■ REQUIRED WORK ■
Below are records; copy every line among them that contains the word "Seeking".

══ GIVEN DATA

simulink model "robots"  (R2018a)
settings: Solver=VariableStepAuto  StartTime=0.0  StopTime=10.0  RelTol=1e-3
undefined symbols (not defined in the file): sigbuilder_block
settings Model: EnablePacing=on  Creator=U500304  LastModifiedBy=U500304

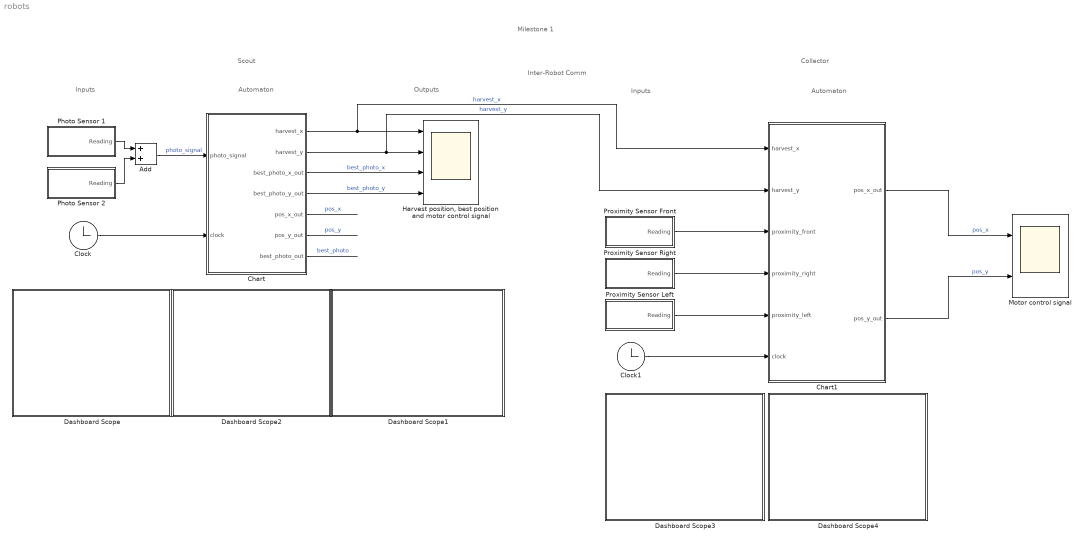
== system robots ==
  note: Inter-Robot
      | Comm
  note: Scout
  note: Milestone 1
  note: Inputs
  note: Automaton
  note: Outputs
  note: Inputs
  note: Collector
  note: Automaton
  Add : Sum
  Chart : Stateflow chart  TreatAsAtomicUnit=on
  Chart1 : Stateflow chart  TreatAsAtomicUnit=on
  Clock : Clock
  Clock1 : Clock
  Dashboard Scope : Subsystem  DialogController=hmiCreateDDGDialog  IsWebBlock=on  mask(MWDashboardBlock){webBlockId=c2b4710b-9c10-441f-91da-978dfb24ecfa, webBlockType=sdiscope, ShowInitialText=on, HMISrcModelName=scout}
      mask prompts: webBlockId "WebBlock Id"; webBlockType "WebBlock Type"; HMISrcModelName "Source Model"
      mask help: SimulinkHMI:dialogs:HMIScopeDialogDesc
      mask Help: helpview([docroot '/mapfiles/simulink.map'], 'hmi_scope')
      mask Display:
      | if strcmp(get_param(bdroot(gcb),'BlockDiagramType'), 'library')
      |     image([(matlabroot) '/toolbox/simulink/hmi/icons/DashboardScope.png']);
      | end
  Dashboard Scope1 : Subsystem  DialogController=hmiCreateDDGDialog  IsWebBlock=on  mask(MWDashboardBlock){webBlockId=2d41d672-6b82-41b2-afbb-9518b0dd4a4f, webBlockType=sdiscope, ShowInitialText=on, HMISrcModelName=scout}
      mask prompts: webBlockId "WebBlock Id"; webBlockType "WebBlock Type"; HMISrcModelName "Source Model"
      mask help: SimulinkHMI:dialogs:HMIScopeDialogDesc
      mask Help: helpview([docroot '/mapfiles/simulink.map'], 'hmi_scope')
      mask Display:
      | if strcmp(get_param(bdroot(gcb),'BlockDiagramType'), 'library')
      |     image([(matlabroot) '/toolbox/simulink/hmi/icons/DashboardScope.png']);
      | end
  Dashboard Scope2 : Subsystem  DialogController=hmiCreateDDGDialog  IsWebBlock=on  mask(MWDashboardBlock){webBlockId=ed7f14d0-e4f2-40fb-83fb-68689640cdf1, webBlockType=sdiscope, ShowInitialText=on, HMISrcModelName=scout}
      mask prompts: webBlockId "WebBlock Id"; webBlockType "WebBlock Type"; HMISrcModelName "Source Model"
      mask help: SimulinkHMI:dialogs:HMIScopeDialogDesc
      mask Help: helpview([docroot '/mapfiles/simulink.map'], 'hmi_scope')
      mask Display:
      | if strcmp(get_param(bdroot(gcb),'BlockDiagramType'), 'library')
      |     image([(matlabroot) '/toolbox/simulink/hmi/icons/DashboardScope.png']);
      | end
  Dashboard Scope3 : Subsystem  DialogController=hmiCreateDDGDialog  IsWebBlock=on  mask(MWDashboardBlock){webBlockId=b30215f1-102d-4ac5-97b6-32221d9819d8, webBlockType=sdiscope, ShowInitialText=on, HMISrcModelName=scout}
      mask prompts: webBlockId "WebBlock Id"; webBlockType "WebBlock Type"; HMISrcModelName "Source Model"
      mask help: SimulinkHMI:dialogs:HMIScopeDialogDesc
      mask Help: helpview([docroot '/mapfiles/simulink.map'], 'hmi_scope')
      mask Display:
      | if strcmp(get_param(bdroot(gcb),'BlockDiagramType'), 'library')
      |     image([(matlabroot) '/toolbox/simulink/hmi/icons/DashboardScope.png']);
      | end
  Dashboard Scope4 : Subsystem  DialogController=hmiCreateDDGDialog  IsWebBlock=on  mask(MWDashboardBlock){webBlockId=4fc18f5f-2100-4ee3-a4cf-c6ec907fe0c9, webBlockType=sdiscope, ShowInitialText=on, HMISrcModelName=scout}
      mask prompts: webBlockId "WebBlock Id"; webBlockType "WebBlock Type"; HMISrcModelName "Source Model"
      mask help: SimulinkHMI:dialogs:HMIScopeDialogDesc
      mask Help: helpview([docroot '/mapfiles/simulink.map'], 'hmi_scope')
      mask Display:
      | if strcmp(get_param(bdroot(gcb),'BlockDiagramType'), 'library')
      |     image([(matlabroot) '/toolbox/simulink/hmi/icons/DashboardScope.png']);
      | end
  "Harvest position, best position and motor control signal" : Scope  NumInputPorts=4
  Motor control signal : Scope  NumInputPorts=2
  Photo Sensor 1 : Subsystem  Tag=STV Subsys  LoadFcn=sigbuilder_block('load');  StartFcn=sigbuilder_block('start');  StopFcn=sigbuilder_block('stop');  ClipboardFcn=sigbuilder_block('clipboard');  mask(Sigbuilder block){tuvar=[0:10]}
      mask help: Simulink:masks:SigbuilderBlock_MD
      mask init:
      | if ~strcmp(get_param(bdroot(gcbh),'SimulationStatus'),'stopped') tuvar = sigbuilder_block('maskInit'); end
      settings: CopyFcn=sigbuilder_block('copy');  DeleteFcn=sigbuilder_block('delete');  ModelCloseFcn=sigbuilder_block('modelClose');  PreSaveFcn=sigbuilder_block('preSave');  PauseFcn=sigbuilder_block('pause');  ContinueFcn=sigbuilder_block('continue');  NameChangeFcn=sigbuilder_block('namechange');  OpenFcn=sigbuilder_block('open',[5.4 30 1141.2 522.6 ]);  CloseFcn=sigbuilder_block('close');
      mask Display: plot(0, 0, 100, 100,[2, 2, 32, 32, 2], [68, 8, 8, 68, 68],[32, 2], [38, 38], [32, 19, 2],[53, 60, 44], [32, 17, 17, 2],[16, 16, 31, 31]);txt = getActiveGroup(gcbh);text(2, 100, txt,'verticalAlignment', 'top');
  Photo Sensor 2 : Subsystem  Tag=STV Subsys  LoadFcn=sigbuilder_block('load');  StartFcn=sigbuilder_block('start');  StopFcn=sigbuilder_block('stop');  ClipboardFcn=sigbuilder_block('clipboard');  mask(Sigbuilder block){tuvar=[0:10]}
      mask help: Simulink:masks:SigbuilderBlock_MD
      mask init:
      | if ~strcmp(get_param(bdroot(gcbh),'SimulationStatus'),'stopped') tuvar = sigbuilder_block('maskInit'); end
      settings: CopyFcn=sigbuilder_block('copy');  DeleteFcn=sigbuilder_block('delete');  ModelCloseFcn=sigbuilder_block('modelClose');  PreSaveFcn=sigbuilder_block('preSave');  PauseFcn=sigbuilder_block('pause');  ContinueFcn=sigbuilder_block('continue');  NameChangeFcn=sigbuilder_block('namechange');  OpenFcn=sigbuilder_block('open',[5.4 30 1141.2 522.6 ]);  CloseFcn=sigbuilder_block('close');
      mask Display: plot(0, 0, 100, 100,[2, 2, 32, 32, 2], [68, 8, 8, 68, 68],[32, 2], [38, 38], [32, 19, 2],[53, 60, 44], [32, 17, 17, 2],[16, 16, 31, 31]);txt = getActiveGroup(gcbh);text(2, 100, txt,'verticalAlignment', 'top');
  Proximity Sensor Front : Subsystem  Tag=STV Subsys  LoadFcn=sigbuilder_block('load');  StartFcn=sigbuilder_block('start');  StopFcn=sigbuilder_block('stop');  ClipboardFcn=sigbuilder_block('clipboard');  mask(Sigbuilder block){tuvar=[0:10]}
      mask help: Simulink:masks:SigbuilderBlock_MD
      mask init:
      | if ~strcmp(get_param(bdroot(gcbh),'SimulationStatus'),'stopped') tuvar = sigbuilder_block('maskInit'); end
      settings: CopyFcn=sigbuilder_block('copy');  DeleteFcn=sigbuilder_block('delete');  ModelCloseFcn=sigbuilder_block('modelClose');  PreSaveFcn=sigbuilder_block('preSave');  PauseFcn=sigbuilder_block('pause');  ContinueFcn=sigbuilder_block('continue');  NameChangeFcn=sigbuilder_block('namechange');  OpenFcn=sigbuilder_block('open',[5.4 30 1141.2 522.6 ]);  CloseFcn=sigbuilder_block('close');
      mask Display: plot(0, 0, 100, 100,[2, 2, 32, 32, 2], [68, 8, 8, 68, 68],[32, 2], [38, 38], [32, 19, 2],[53, 60, 44], [32, 17, 17, 2],[16, 16, 31, 31]);txt = getActiveGroup(gcbh);text(2, 100, txt,'verticalAlignment', 'top');
  Proximity Sensor Left : Subsystem  Tag=STV Subsys  LoadFcn=sigbuilder_block('load');  StartFcn=sigbuilder_block('start');  StopFcn=sigbuilder_block('stop');  ClipboardFcn=sigbuilder_block('clipboard');  mask(Sigbuilder block){tuvar=[0:10]}
      mask help: Simulink:masks:SigbuilderBlock_MD
      mask init:
      | if ~strcmp(get_param(bdroot(gcbh),'SimulationStatus'),'stopped') tuvar = sigbuilder_block('maskInit'); end
      settings: CopyFcn=sigbuilder_block('copy');  DeleteFcn=sigbuilder_block('delete');  ModelCloseFcn=sigbuilder_block('modelClose');  PreSaveFcn=sigbuilder_block('preSave');  PauseFcn=sigbuilder_block('pause');  ContinueFcn=sigbuilder_block('continue');  NameChangeFcn=sigbuilder_block('namechange');  OpenFcn=sigbuilder_block('open',[5.4 30 1141.2 522.6 ]);  CloseFcn=sigbuilder_block('close');
      mask Display: plot(0, 0, 100, 100,[2, 2, 32, 32, 2], [68, 8, 8, 68, 68],[32, 2], [38, 38], [32, 19, 2],[53, 60, 44], [32, 17, 17, 2],[16, 16, 31, 31]);txt = getActiveGroup(gcbh);text(2, 100, txt,'verticalAlignment', 'top');
  Proximity Sensor Right : Subsystem  Tag=STV Subsys  LoadFcn=sigbuilder_block('load');  StartFcn=sigbuilder_block('start');  StopFcn=sigbuilder_block('stop');  ClipboardFcn=sigbuilder_block('clipboard');  mask(Sigbuilder block){tuvar=[0:10]}
      mask help: Simulink:masks:SigbuilderBlock_MD
      mask init:
      | if ~strcmp(get_param(bdroot(gcbh),'SimulationStatus'),'stopped') tuvar = sigbuilder_block('maskInit'); end
      settings: CopyFcn=sigbuilder_block('copy');  DeleteFcn=sigbuilder_block('delete');  ModelCloseFcn=sigbuilder_block('modelClose');  PreSaveFcn=sigbuilder_block('preSave');  PauseFcn=sigbuilder_block('pause');  ContinueFcn=sigbuilder_block('continue');  NameChangeFcn=sigbuilder_block('namechange');  OpenFcn=sigbuilder_block('open',[5.4 30 1141.2 522.6 ]);  CloseFcn=sigbuilder_block('close');
      mask Display: plot(0, 0, 100, 100,[2, 2, 32, 32, 2], [68, 8, 8, 68, 68],[32, 2], [38, 38], [32, 19, 2],[53, 60, 44], [32, 17, 17, 2],[16, 16, 31, 31]);txt = getActiveGroup(gcbh);text(2, 100, txt,'verticalAlignment', 'top');
  wires:
  Chart/6(pos_y_out) -> ?  "pos_y"
  Chart/5(pos_x_out) -> ?  "pos_x"
  Chart/2(harvest_y) -> Chart1/2(harvest_y), "Harvest position, best position and motor control signal"/2  "harvest_y"
  Chart/3(best_photo_x_out) -> "Harvest position, best position and motor control signal"/3  "best_photo_x"
  Chart/1(harvest_x) -> Chart1/1(harvest_x), "Harvest position, best position and motor control signal"/1  "harvest_x"
  Photo Sensor 2/1(Reading) -> Add/2
  Photo Sensor 1/1(Reading) -> Add/1
  Chart/4(best_photo_y_out) -> "Harvest position, best position and motor control signal"/4  "best_photo_y"
  Chart/7(best_photo_out) -> ?  "best_photo"
  Add/1 -> Chart/1(photo_signal)  "photo_signal"
  Clock/1 -> Chart/2(clock)
  Proximity Sensor Front/1(Reading) -> Chart1/3(proximity_front)
  Proximity Sensor Right/1(Reading) -> Chart1/4(proximity_right)
  Proximity Sensor Left/1(Reading) -> Chart1/5(proximity_left)
  Clock1/1 -> Chart1/6(clock)
  Chart1/1(pos_x_out) -> Motor control signal/1  "pos_x"
  Chart1/2(pos_y_out) -> Motor control signal/2  "pos_y"

== system robots/Dashboard Scope ==

== system robots/Dashboard Scope1 ==

== system robots/Dashboard Scope2 ==

== system robots/Dashboard Scope3 ==

== system robots/Dashboard Scope4 ==

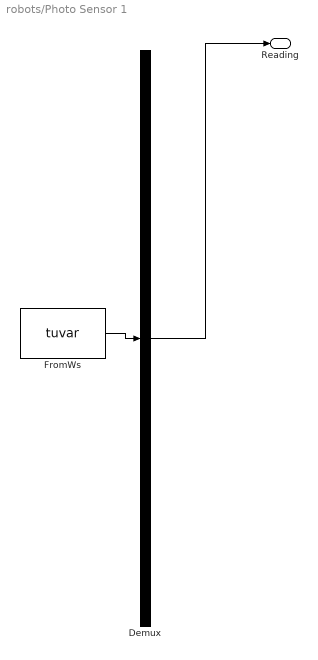
== system robots/Photo Sensor 1 ==
  Demux : Demux  Tag=STV Demux  Outputs=1
  FromWs : FromWorkspace  Tag=STV FromWs  VariableName=tuvar  SampleTime=0
      SigBuilderData=|
      | common.afterFinalStr = 'Extrapolate'
      | common.sampleTime = 0
      | dataSet.timeRange = [0 10]
      | dataSet.name = 'Photo Sensor'
      | sbobj.Groups.Name = 'Photo Sensor'
      | sbobj.Groups.Signals.Name = 'Reading'
      | sbobj.Groups.Signals.XData = [0 6 6 8 8 10]
      | sbobj.Groups.Signals.YData = [0 0 300 300 0 0]
  Reading : Outport  Tag=STV Outport
  wires:
  Demux/1 -> Reading/1
  FromWs/1 -> Demux/1

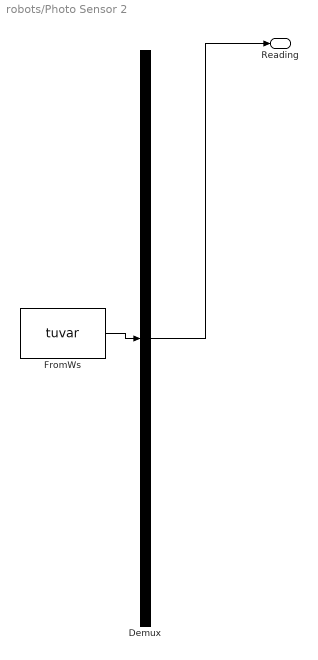
== system robots/Photo Sensor 2 ==
  Demux : Demux  Tag=STV Demux  Outputs=1
  FromWs : FromWorkspace  Tag=STV FromWs  VariableName=tuvar  SampleTime=0
      SigBuilderData=|
      | common.afterFinalStr = 'Extrapolate'
      | common.sampleTime = 0
      | dataSet.timeRange = [0 10]
      | dataSet.name = 'Photo Sensor'
      | sbobj.Groups.Name = 'Photo Sensor'
      | sbobj.Groups.Signals.Name = 'Reading'
      | sbobj.Groups.Signals.XData = [0 2 2 5 5 10]
      | sbobj.Groups.Signals.YData = [0 0 180 180 0 0]
  Reading : Outport  Tag=STV Outport
  wires:
  FromWs/1 -> Demux/1
  Demux/1 -> Reading/1

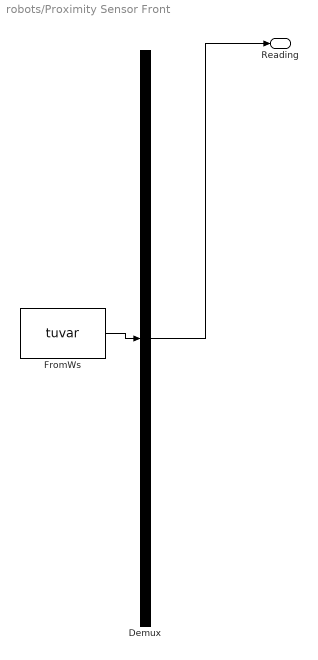
== system robots/Proximity Sensor Front ==
  Demux : Demux  Tag=STV Demux  Outputs=1
  FromWs : FromWorkspace  Tag=STV FromWs  VariableName=tuvar  SampleTime=0
      SigBuilderData=|
      | common.afterFinalStr = 'Extrapolate'
      | common.sampleTime = 0
      | dataSet.timeRange = [0 10]
      | dataSet.name = 'Proximity Front'
      | sbobj.Groups.Name = 'Proximity Front'
      | sbobj.Groups.Signals.Name = 'Reading'
      | sbobj.Groups.Signals.XData = [0 1 8 10]
      | sbobj.Groups.Signals.YData = [10 10 0 0]
  Reading : Outport  Tag=STV Outport
  wires:
  FromWs/1 -> Demux/1
  Demux/1 -> Reading/1

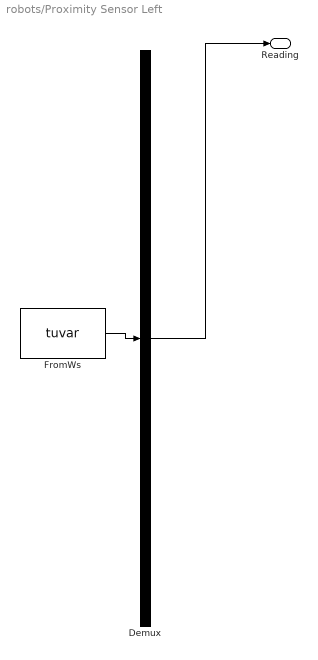
== system robots/Proximity Sensor Left ==
  Demux : Demux  Tag=STV Demux  Outputs=1
  FromWs : FromWorkspace  Tag=STV FromWs  VariableName=tuvar  SampleTime=0
      SigBuilderData=|
      | common.afterFinalStr = 'Extrapolate'
      | common.sampleTime = 0
      | dataSet.timeRange = [0 10]
      | dataSet.name = 'Proximity Left'
      | sbobj.Groups.Name = 'Proximity Left'
      | sbobj.Groups.Signals.Name = 'Reading'
      | sbobj.Groups.Signals.XData = [0 1 2 10]
      | sbobj.Groups.Signals.YData = [2 2 3 8.2]
  Reading : Outport  Tag=STV Outport
  wires:
  FromWs/1 -> Demux/1
  Demux/1 -> Reading/1

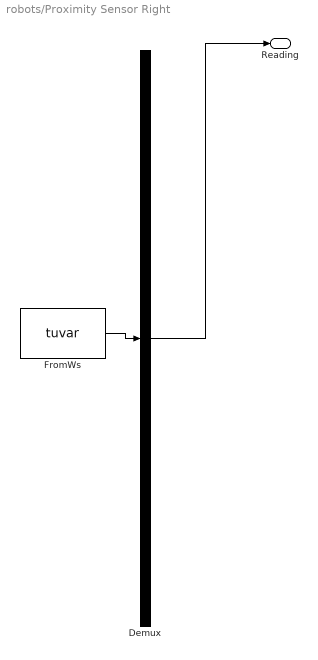
== system robots/Proximity Sensor Right ==
  Demux : Demux  Tag=STV Demux  Outputs=1
  FromWs : FromWorkspace  Tag=STV FromWs  VariableName=tuvar  SampleTime=0
      SigBuilderData=|
      | common.afterFinalStr = 'Extrapolate'
      | common.sampleTime = 0
      | dataSet.timeRange = [0 10]
      | dataSet.name = 'Proximity Right'
      | sbobj.Groups.Name = 'Proximity Right'
      | sbobj.Groups.Signals.Name = 'Reading'
      | sbobj.Groups.Signals.XData = [0 1 10]
      | sbobj.Groups.Signals.YData = [5 4.4 0.55]
  Reading : Outport  Tag=STV Outport
  wires:
  Demux/1 -> Reading/1
  FromWs/1 -> Demux/1

== stateflow chart robots/Chart1 ==
  settings: updateMethod=CONTINUOUS
  state Annoy
    state DriveForward
      du:
      pos_x_dot = 1;
      pos_y_dot = 0;
      pos_x_out = pos_x;
      pos_y_out = pos_y;
    state TurnLeft
      du:
      pos_x_dot = 1;
      pos_y_dot = 0;
      pos_x_out = pos_x;
      pos_y_out = pos_y;
    state TurnRight
      du:
      pos_x_dot = 1;
      pos_y_dot = 0;
      pos_x_out = pos_x;
      pos_y_out = pos_y;
    note: Tries to annoy other robots by pushing them using proximity sensor readings
    (default) -> Annoy.DriveForward
    TurnLeft -> Annoy.DriveForward [order 2] : [proximity_front < proximity_left]
    TurnRight -> Annoy.DriveForward [order 2] : [proximity_front < proximity_right]
    Annoy.DriveForward -> TurnRight [order 2] : [proximity_right < proximity_front]
    Annoy.DriveForward -> TurnLeft [order 1] : [proximity_left < proximity_front]
    TurnLeft -> TurnRight [order 1] : [proximity_right < proximity_left]
    TurnRight -> TurnLeft [order 1] : [proximity_left < proximity_right]
  state Harvest
    state DriveForward
      du:
      pos_x_dot = 0;
      pos_y_dot = 1;
      pos_x_out = pos_x;
      pos_y_out = pos_y;
    note: Drives to the given location of light
    (default) -> Harvest.DriveForward
  (default) -> Annoy : {
      | pos_x = 0;
      | pos_y = 0'
      | }
  Annoy -> Harvest : [harvest_x > -1 && harvest_y > -1]
  data: harvest_x input; harvest_y input; proximity_front input; proximity_right input; proximity_left input; clock input; pos_x local; pos_y local; pos_x_out output; pos_y_out output; target_dir_x local; target_dir_y local
  data pos_x settings: updateMethod=SF_CONTINUOUS_TIME_DATA
  data pos_y settings: updateMethod=SF_CONTINUOUS_TIME_DATA

== stateflow chart robots/Chart ==
  settings: updateMethod=CONTINUOUS
  state Sense [parallel]
    settings: executionOrder=2
    state Dark
    state Light
      en, du:
      harvest_x = pos_x;
      harvest_y = pos_y;
    note: Senses the light and outputs harvest positions
    (default) -> Dark : {
        | best_photo = -1;
        | best_photo_x = -1;
        | best_photo_y = -1;
        | }
    Dark -> Light : [photo_signal > 200]
    Light -> Dark [order 2] : [photo_signal <= 200]
    Light -> Light [order 1] : [photo_signal > best_photo]
        | {best_photo = photo_signal;
        | best_photo_x = pos_x;
        | best_photo_y = pos_y;}
  state Drive [parallel]
    settings: executionOrder=1
    state DriveForward
      du:
      pos_x_dot = 1;
      pos_y_dot = 2;
      pos_x_out = pos_x;
      pos_y_out = pos_y;
    note: Calculates robot's position based on wheel movements
    (default) -> DriveForward : {
        | pos_x = 0;
        | pos_y = 0'
        | }
  state Clock [parallel]
    settings: executionOrder=3
    state Report
      en:
      best_photo_out = best_photo;
      best_photo_x_out = best_photo_x;
      best_photo_y_out = best_photo_y;
    state Seeking
      en:
      cycle_start = clock;
    note: Updates the best harvest position and light reading every 2 seconds
    (default) -> Seeking
    Seeking -> Report : [clock - cycle_start >= 2]
    Report -> Seeking
  data: photo_signal input; harvest_x output =-1; harvest_y output =-1; best_photo_x_out output =-1; best_photo_y_out output =-1; pos_x_out output; pos_y_out output; pos_x local; pos_y local; clock input; best_photo_out output =-1; best_photo local =0; best_photo_x local; best_photo_y local; cycle_start local
  data pos_x settings: updateMethod=SF_CONTINUOUS_TIME_DATA
  data pos_y settings: updateMethod=SF_CONTINUOUS_TIME_DATA

════

■ THE ANSWER ■
    state Seeking
    (default) -> Seeking
    Seeking -> Report : [clock - cycle_start >= 2]
    Report -> Seeking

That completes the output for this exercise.